We are of opinion that the bill of exceptions presented to the judge was not conformable to the truth within the meaning of G. L. c. 231, § 117.
The case also comes before us on exceptions saved at the hearing upon a motion for a new trial. One of the causes alleged in this motion related to the direction of a verdict for the defendants on the opening of counsel for the plaintiff.
The denial of the motion for a new trial requires no lengthy discussion. Questions of law that were raised, or that might have been raised, at the trial cannot as of right be presented *538on this motion. The disposition of such motion commonly rests in sound judicial discretion. The statement of facts made by the judge in denying the motion for a new trial must be accepted as true because no evidence is reported. That statement demonstrates that all questions of law sought to be raised by requests for rulings on the motion for a new trial might have been made the subject of exceptions at the trial, but were not. The case at bar presents no unusual situation and comes within the authority of numerous decisions to the effect that no error of law was committed with respect to the denial of the motion. Loveland v. Rand, 200 Mass. 142, 144. Matter of Carver, 224 Mass. 169, 171. Boyd v. Boston Elevated Railway, 224 Mass. 199, 202. Crowdis v. Hayward, 233 Mass. 377, 381. Ryan v. Hickey, 240 Mass. 46. Commonwealth v. Dascalakis, 246 Mass. 12, 24, 32, 33. Commonwealth v. Clifford, 254 Mass. 390, 393. Commonwealth v. Barney, 258 Mass. 609.
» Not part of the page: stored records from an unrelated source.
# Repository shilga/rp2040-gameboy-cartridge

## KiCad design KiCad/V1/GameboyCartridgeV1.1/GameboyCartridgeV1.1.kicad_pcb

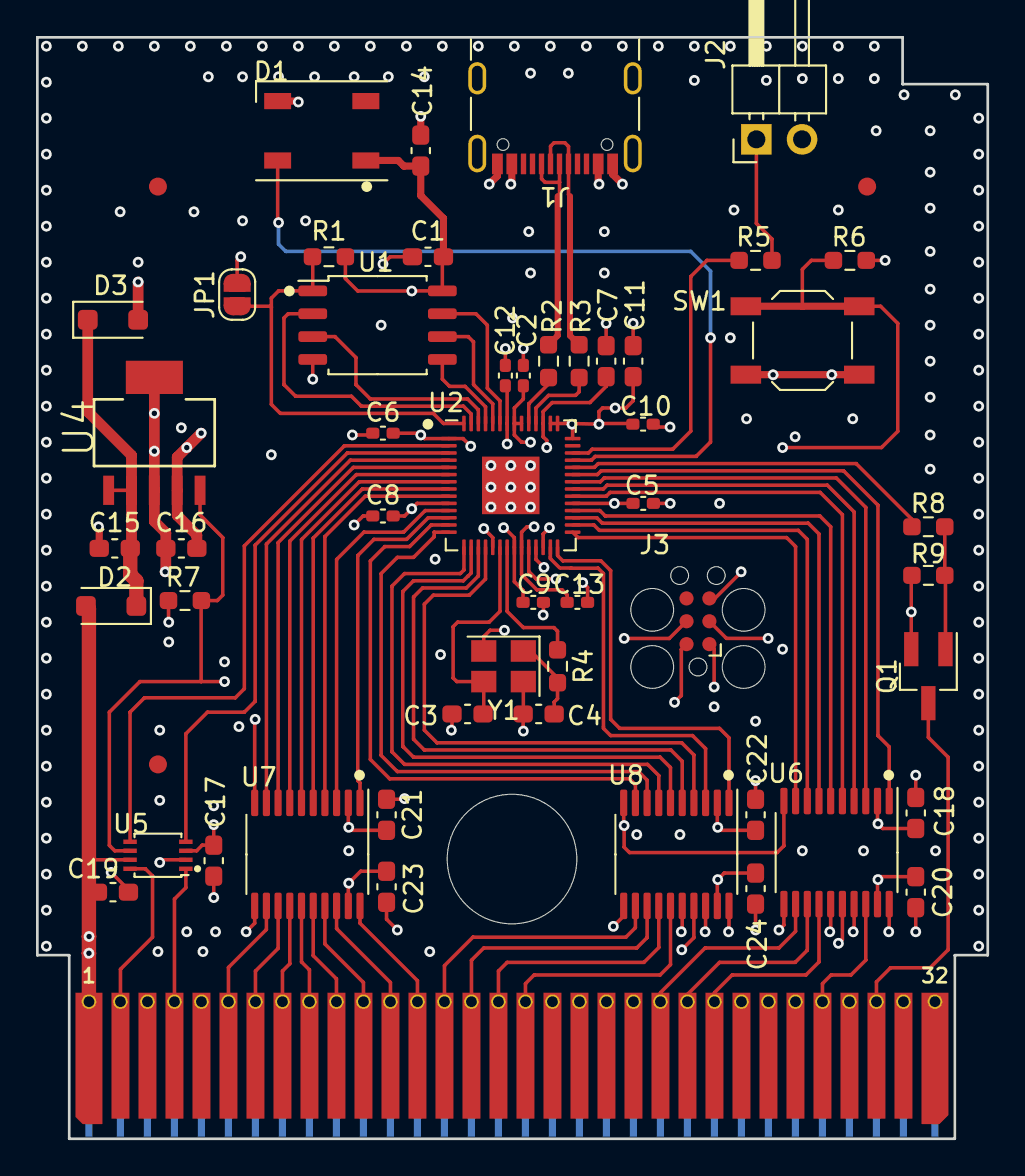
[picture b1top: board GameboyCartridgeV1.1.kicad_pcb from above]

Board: 4 copper layers, 52.8 x 61.2 mm, 54 parts (0 on the bottom side), 81 nets.

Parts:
C1, C14, C17, C18, C19, C20, C21, C22, C23, C24: 100nF; C_0603_1608Metric_Pad1.08x0.95mm_HandSolder
C2, C5, C6, C8, C9, C10, C12, C13: 100nF; C_0402_1005Metric_Pad0.74x0.62mm_HandSolder
C3, C4: 15pF; C_0603_1608Metric_Pad1.08x0.95mm_HandSolder
C7, C11: 2.2uF; C_0603_1608Metric_Pad1.08x0.95mm_HandSolder
C15: 4.7uF; C_0603_1608Metric_Pad1.08x0.95mm_HandSolder
C16: 10uF; C_0603_1608Metric_Pad1.08x0.95mm_HandSolder
D1: WS2812B; LED_WS2812B_PLCC4_5.0x5.0mm_P3.2mm
D2, D3: D_Schottky; D_SOD-123F
FID1, FID2, FID3: Fiducial; Fiducial_1mm_Mask2mm
J1: USB_C_Receptacle_USB2.0; USB_C_Receptacle_GCT_USB4105-xx-A_16P_TopMnt_Horizontal
J2: DBG_UART; PinHeader_1x02_P2.54mm_Horizontal
J3: Conn_01x06; Tag-Connect_TC2030-IDC-FP_2x03_P1.27mm_Vertical
JP1: USB_BOOT_SEL; SolderJumper-2_P1.3mm_Open_RoundedPad1.0x1.5mm
Q1: CJ2302; SOT-23_Handsoldering
R1, R6: 10k; R_0603_1608Metric_Pad0.98x0.95mm_HandSolder
R2, R3: 27R; R_0603_1608Metric_Pad0.98x0.95mm_HandSolder
R4, R8: 1k; R_0603_1608Metric_Pad0.98x0.95mm_HandSolder
R5: 10R; R_0603_1608Metric_Pad0.98x0.95mm_HandSolder
R7, R9: 470k; R_0603_1608Metric_Pad0.98x0.95mm_HandSolder
SW1: SW_Push; SW_SPST_TL3342
U1: W25Q128JVS; SOIC-8_5.23x5.23mm_P1.27mm
U2: RP2040; QFN-56-1EP_7x7mm_P0.4mm_EP3.2x3.2mm
U3: CartBus; GameBoy_Cartridge_EdgeConnector
U4: MCP1825T-3302E/DC; SOT230P700X180-6N
U5: TXB0102DCU; VSSOP-8_2.4x2.1mm_P0.5mm
U6, U7, U8: TXB0108PW; TSSOP-20_4.4x6.5mm_P0.65mm
Y1: 12MHz; Crystal_SMD_TXC_7M-4Pin_3.2x2.5mm

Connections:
+1V1: C7.2, C12.2, C13.2, U2.23 (DVDD), U2.45 (VREG_VOUT), U2.50 (DVDD)
+3V3: C1.2, C2.2, C5.2, C6.2, C8.2, C9.2, C10.2, C11.2, C14.2, C16.2, C17.2, C18.2, C21.2, C22.2, D1.1 (VDD), J3.1, R1.2, R6.2, R7.2, U1.8 (VCC), U2.1 (IOVDD), U2.10 (IOVDD), U2.22 (IOVDD), U2.33 (IOVDD), U2.42 (IOVDD), U2.43 (ADC_AVDD), U2.44 (VREG_IN), U2.48 (USB_VDD), U2.49 (IOVDD), U4.4 (VOUT), U5.3 (VCCA), U6.2 (VCCA), U7.2 (VCCA), U8.2 (VCCA)
+5V: C15.2, D2.1 (K), D3.1 (K), U4.1 (*SHDN), U4.2 (VIN)
ADDR_BUS0: U2.4 (GPIO2), U7.9 (A8)
ADDR_BUS1: U2.5 (GPIO3), U7.8 (A7)
ADDR_BUS2: U2.6 (GPIO4), U7.7 (A6)
ADDR_BUS3: U2.7 (GPIO5), U7.6 (A5)
ADDR_BUS4: U2.8 (GPIO6), U7.5 (A4)
ADDR_BUS5: U2.9 (GPIO7), U7.4 (A3)
ADDR_BUS6: U2.11 (GPIO8), U7.3 (A2)
ADDR_BUS7: U2.12 (GPIO9), U7.1 (A1)
ADDR_BUS8: U2.13 (GPIO10), U8.9 (A8)
ADDR_BUS9: U2.14 (GPIO11), U8.8 (A7)
ADDR_BUS10: U2.15 (GPIO12), U8.7 (A6)
ADDR_BUS11: U2.16 (GPIO13), U8.6 (A5)
ADDR_BUS12: U2.17 (GPIO14), U8.5 (A4)
ADDR_BUS13: U2.18 (GPIO15), U8.4 (A3)
ADDR_BUS14: U2.27 (GPIO16), U8.3 (A2)
ADDR_BUS15: U2.28 (GPIO17), U8.1 (A1)
BUS_CLK: U2.2 (GPIO0), U5.5 (A1)
BUS_RD: U2.3 (GPIO1), U5.4 (A2)
BUS_RST: R8.2, U2.38 (GPIO26_ADC0)
DATA_BUS0: U2.29 (GPIO18), U6.9 (A8)
DATA_BUS1: U2.30 (GPIO19), U6.8 (A7)
DATA_BUS2: U2.31 (GPIO20), U6.7 (A6)
DATA_BUS3: U2.32 (GPIO21), U6.6 (A5)
DATA_BUS4: U2.34 (GPIO22), U6.5 (A4)
DATA_BUS5: U2.35 (GPIO23), U6.4 (A3)
DATA_BUS6: U2.36 (GPIO24), U6.3 (A2)
DATA_BUS7: U2.37 (GPIO25), U6.1 (A1)
DEBUG_UART_TX: R5.1, U2.40 (GPIO28_ADC2)
GB_A0: U3.6 (A0), U7.12 (B8)
GB_A1: U3.7 (A1), U7.13 (B7)
GB_A2: U3.8 (A2), U7.14 (B6)
GB_A3: U3.9 (A3), U7.15 (B5)
GB_A4: U3.10 (A4), U7.16 (B4)
GB_A5: U3.11 (A5), U7.17 (B3)
GB_A6: U3.12 (A6), U7.18 (B2)
GB_A7: U3.13 (A7), U7.20 (B1)
GB_A8: U3.14 (A8), U8.12 (B8)
GB_A9: U3.15 (A9), U8.13 (B7)
GB_A10: U3.16 (A10), U8.14 (B6)
GB_A11: U3.17 (A11), U8.15 (B5)
GB_A12: U3.18 (A12), U8.16 (B4)
GB_A13: U3.19 (A13), U8.17 (B3)
GB_A14: U3.20 (A14), U8.18 (B2)
GB_A15: U3.21 (A15), U8.20 (B1)
GB_CLK: U3.2 (CLK~), U5.8 (B1)
GB_D0: U3.22 (D0), U6.12 (B8)
GB_D1: U3.23 (D1), U6.13 (B7)
GB_D2: U3.24 (D2), U6.14 (B6)
GB_D3: U3.25 (D3), U6.15 (B5)
GB_D4: U3.26 (D4), U6.16 (B4)
GB_D5: U3.27 (D5), U6.17 (B3)
GB_D6: U3.28 (D6), U6.18 (B2)
GB_D7: U3.29 (D7), U6.20 (B1)
GB_RD: U3.4 (RD), U5.1 (B2)
GB_RST: Q1.3 (D), U3.30 (RST)
GND: C1.1, C2.1, C3.1, C4.1, C5.1, C6.1, C7.1, C8.1, C9.1, C10.1, C11.1, C12.1, C13.1, C14.1, C15.1, C16.1, C17.1, C18.1, C19.1, C20.1, C21.1, C22.1, C23.1, C24.1, D1.3 (VSS), J1.A1 (GND), J1.A12 (GND), J1.B1 (GND), J1.B12 (GND), J1.S1 (SHIELD), J2.2, J3.5, JP1.2 (B), Q1.2 (S), R9.2, SW1.2, U1.4 (GND), U2.19 (TESTEN), U2.57 (GND), U3.32 (GND), U4.3 (GND_(TAB)), U4.6 (GND_(TAB)_2), U5.2 (GND), U6.11 (GND), U7.11 (GND), U8.11 (GND), Y1.2, Y1.4
LED_DIN: D1.4 (DIN), U2.39 (GPIO27_ADC1)
unnamed: C4.2, R4.2, Y1.1
unnamed: J2.1, R5.2
unnamed: Q1.1 (G), R8.1, R9.1
unnamed: R3.1, U2.46 (USB_DM)
unnamed: R2.1, U2.47 (USB_DP)
unnamed: C3.2, U2.20 (XIN), Y1.3
unnamed: R4.1, U2.21 (XOUT)
POWER_GOOD: R7.1, U4.5 (PWRGD), U5.6 (OE), U6.10 (OE), U7.10 (OE), U8.10 (OE)
QSPI_SCLK: U1.6 (CLK), U2.52 (QSPI_SCLK)
QSPI_SD0: U1.5 (DI(IO0)), U2.53 (QSPI_SD0)
QSPI_SD1: U1.2 (DO(IO1)), U2.55 (QSPI_SD1)
QSPI_SD2: U1.3 (IO2), U2.54 (QSPI_SD2)
QSPI_SD3: U1.7 (IO3), U2.51 (QSPI_SD3)
QSPI_SS: JP1.1 (A), R1.1, U1.1 (~CS), U2.56 (QSPI_SS)
RST: J3.3, R6.1, SW1.1, U2.26 (RUN)
SWCLK: J3.4, U2.24 (SWCLK)
SWDIO: J3.2, U2.25 (SWD)
USB_D+: J1.A6 (D+), J1.B6 (D+), R2.2
USB_D-: J1.A7 (D-), J1.B7 (D-), R3.2
VBUS: D3.2 (A), J1.A4 (VBUS), J1.A9 (VBUS), J1.B4 (VBUS), J1.B9 (VBUS)
VCC: C19.2, C20.2, C23.2, C24.2, D2.2 (A), U3.1 (VCC), U5.7 (VCCB), U6.19 (VCCB), U7.19 (VCCB), U8.19 (VCCB)

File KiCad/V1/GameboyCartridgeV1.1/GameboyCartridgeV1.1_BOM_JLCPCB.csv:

Comment,Designator,Footprint,LCSC
"100nF","C1,C14,C17,C18,C19,C20,C21,C22,C23,C24","Capacitor_SMD:C_0603_1608Metric_Pad1.08x0.95mm_HandSolder",""
"4.7uF","C15","Capacitor_SMD:C_0603_1608Metric_Pad1.08x0.95mm_HandSolder",""
"10uF","C16","Capacitor_SMD:C_0603_1608Metric_Pad1.08x0.95mm_HandSolder",""
"100nF","C2,C5,C6,C8,C9,C10,C12,C13","Capacitor_SMD:C_0402_1005Metric_Pad0.74x0.62mm_HandSolder",""
"15pF","C3,C4","Capacitor_SMD:C_0603_1608Metric_Pad1.08x0.95mm_HandSolder","C1644"
"2.2uF","C7,C11","Capacitor_SMD:C_0603_1608Metric_Pad1.08x0.95mm_HandSolder",""
"WS2812B","D1","LED_SMD:LED_WS2812B_PLCC4_5.0x5.0mm_P3.2mm","C2761795"
"D_Schottky","D2,D3","Diode_SMD:D_SOD-123F","C669022"
"USB_C_Receptacle_USB2.0","J1","Connector_USB:USB_C_Receptacle_GCT_USB4105-xx-A_16P_TopMnt_Horizontal","C2927037"
"CJ2302","Q1","Package_TO_SOT_SMD:SOT-23_Handsoldering","C8548"
"10k","R1,R6","Resistor_SMD:R_0603_1608Metric_Pad0.98x0.95mm_HandSolder",""
"27R","R2,R3","Resistor_SMD:R_0603_1608Metric_Pad0.98x0.95mm_HandSolder",""
"1k","R4,R8","Resistor_SMD:R_0603_1608Metric_Pad0.98x0.95mm_HandSolder",""
"10R","R5","Resistor_SMD:R_0603_1608Metric_Pad0.98x0.95mm_HandSolder",""
"470k","R7,R9","Resistor_SMD:R_0603_1608Metric_Pad0.98x0.95mm_HandSolder",""
"SW_Push","SW1","Button_Switch_SMD:SW_SPST_TL3342","C2886898"
"W25Q128JVS","U1","Package_SO:SOIC-8_5.23x5.23mm_P1.27mm","C97521"
"RP2040","U2","Package_DFN_QFN:QFN-56-1EP_7x7mm_P0.4mm_EP3.2x3.2mm","C2040"
"MCP1825T-3302E/DC","U4","SnapEDA:SOT230P700X180-6N","C632684"
"TXB0102DCU","U5","Package_SO:VSSOP-8_2.4x2.1mm_P0.5mm","C60709"
"TXB0108PW","U6,U7,U8","Package_SO:TSSOP-20_4.4x6.5mm_P0.65mm","C53406"
"12MHz","Y1","Crystal:Crystal_SMD_TXC_7M-4Pin_3.2x2.5mm","C668845"

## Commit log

2023-11-11 Change folder structure
    - Fix Library paths
    - Add Libraries
    - Add Gerbers, BOM, Position file compatible with JLPCB

The plaintiff has argued the requests for instructions made on the motion for a new trial touching the regularity of ruling in favor of the defendants on the opening of counsel for the plaintiff. That was a subject concerning which exception could have been taken at the trial. It is not open on a motion for a new trial. The narration of the facts as to the opening by the plaintiff’s counsel and the direction of a verdict filed by the judge in overruling the motion for a new trial show that “no question was raised as to the power of the court to act in” that manner, and that in substance the procedure was assented to. His denial of the requests for rulings in connection with those facts presents no question of law. As matter of practice the course followed by the trial judge was proper under many of our decisions. Farnham v. Lenox Motor Car Co. 229 Mass. 478, 482, and cases there collected. Howe v. Dickinson, 154 Mass. 494. Wilson v. Head, 184 Mass. 515. Berry v. Newton & Boston Street Railway, 209 Mass. 100. Ward v. Blouin, 210 Mass. 140. Murphy v. Boston & Maine Railroad, 216 Mass. 178. Donovan v. Walsh, 238 Mass. 356, 359.
Petition to establish exceptions dismissed.
Exceptions on motion for new trial overruled.